Concurrent writers just thrash your CPU cache. The difference between L1 and L3 can be 100x. So your single writer on a single core can outperform 10-100s of cores. Especially when you start considering contention.
Here's sqlite doing 100k TPS and I'm not even messing with core affinity and it's going over FFi in a dynamic language.
https://andersmurphy.com/2025/12/02/100000-tps-over-a-billio...
https://github.com/Dicklesworthstone/frankensqlite#current-i...
Although I will admit that even after reading it, I'm not exactly sure what the current implementation status is.
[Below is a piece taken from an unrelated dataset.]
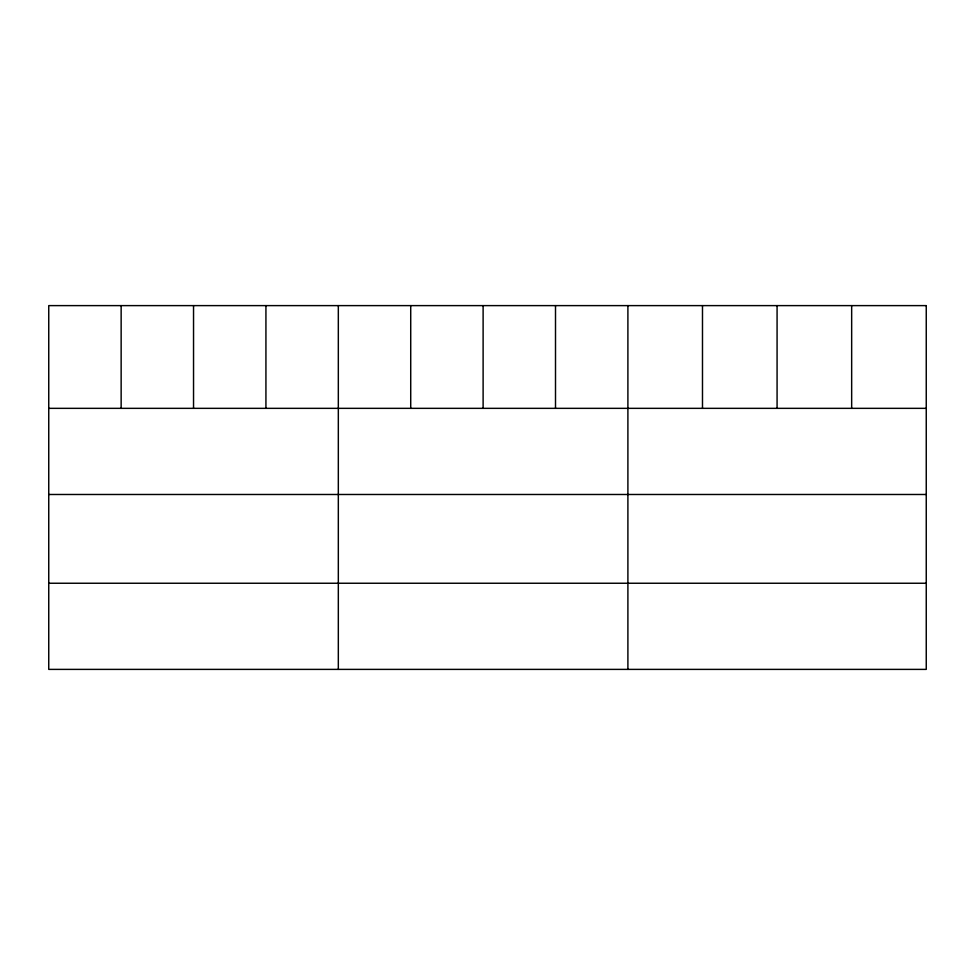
<?xml version="1.0" encoding="UTF-8"?>
<svg xmlns="http://www.w3.org/2000/svg" width="975" height="975" viewBox="0 0 975 975"><rect width="100%" height="100%" fill="white"/><g stroke="black" fill="none" stroke-linecap="round" stroke-linejoin="round"><path stroke-width="1.46" d="M48.75 408.342L926.25 408.342M48.75 494.483L926.25 494.483M48.75 583.245L926.25 583.245M851.662 305.614L851.662 408.342M777.075 305.614L777.075 408.342M702.487 305.614L702.487 408.342M627.9 305.614L627.9 669.386M555.506 305.614L555.506 408.342M483.112 305.614L483.112 408.342M410.719 305.614L410.719 408.342M338.325 305.614L338.325 669.386M265.931 305.614L265.931 408.342M193.538 305.614L193.538 408.342M121.144 305.614L121.144 408.342M926.25 305.614L48.75 305.614L48.75 669.386L926.25 669.386L926.25 305.614"/></g></svg>

Utterly unmaintainable by any human, likely never to be completed or used, but now deposited into the atmosphere for future trained AI models and humans alike to stumble across and ingest, degrading the environment for everyone around it.
But nobody shows off static HTML sites on HN.
RS over GF256 is more than adequate. Or just plain LDPC.
[1] <https://www.jeffreyemanuel.com/writing/raptorq>
MIT plus a condition that designates OpenAI and Anthropic as restricted parties that are not permitted to use or else?
Also it's pretty hilarious to vibe-code a library that clones another library that someone has spent decades of work on, and then try to prohibit people from using that LLM output as training data for an LLM.
Are there any other FrankenProjects out there that have had any success?
Were we so impressed by the concept of the original Frankenstein?
Is this a Freudian slip, that we are expecting these AI projects to turn on their creators?
Impressive piece of work from the AIs here.
A better question is if the implementation was touched by anything other than generative AI.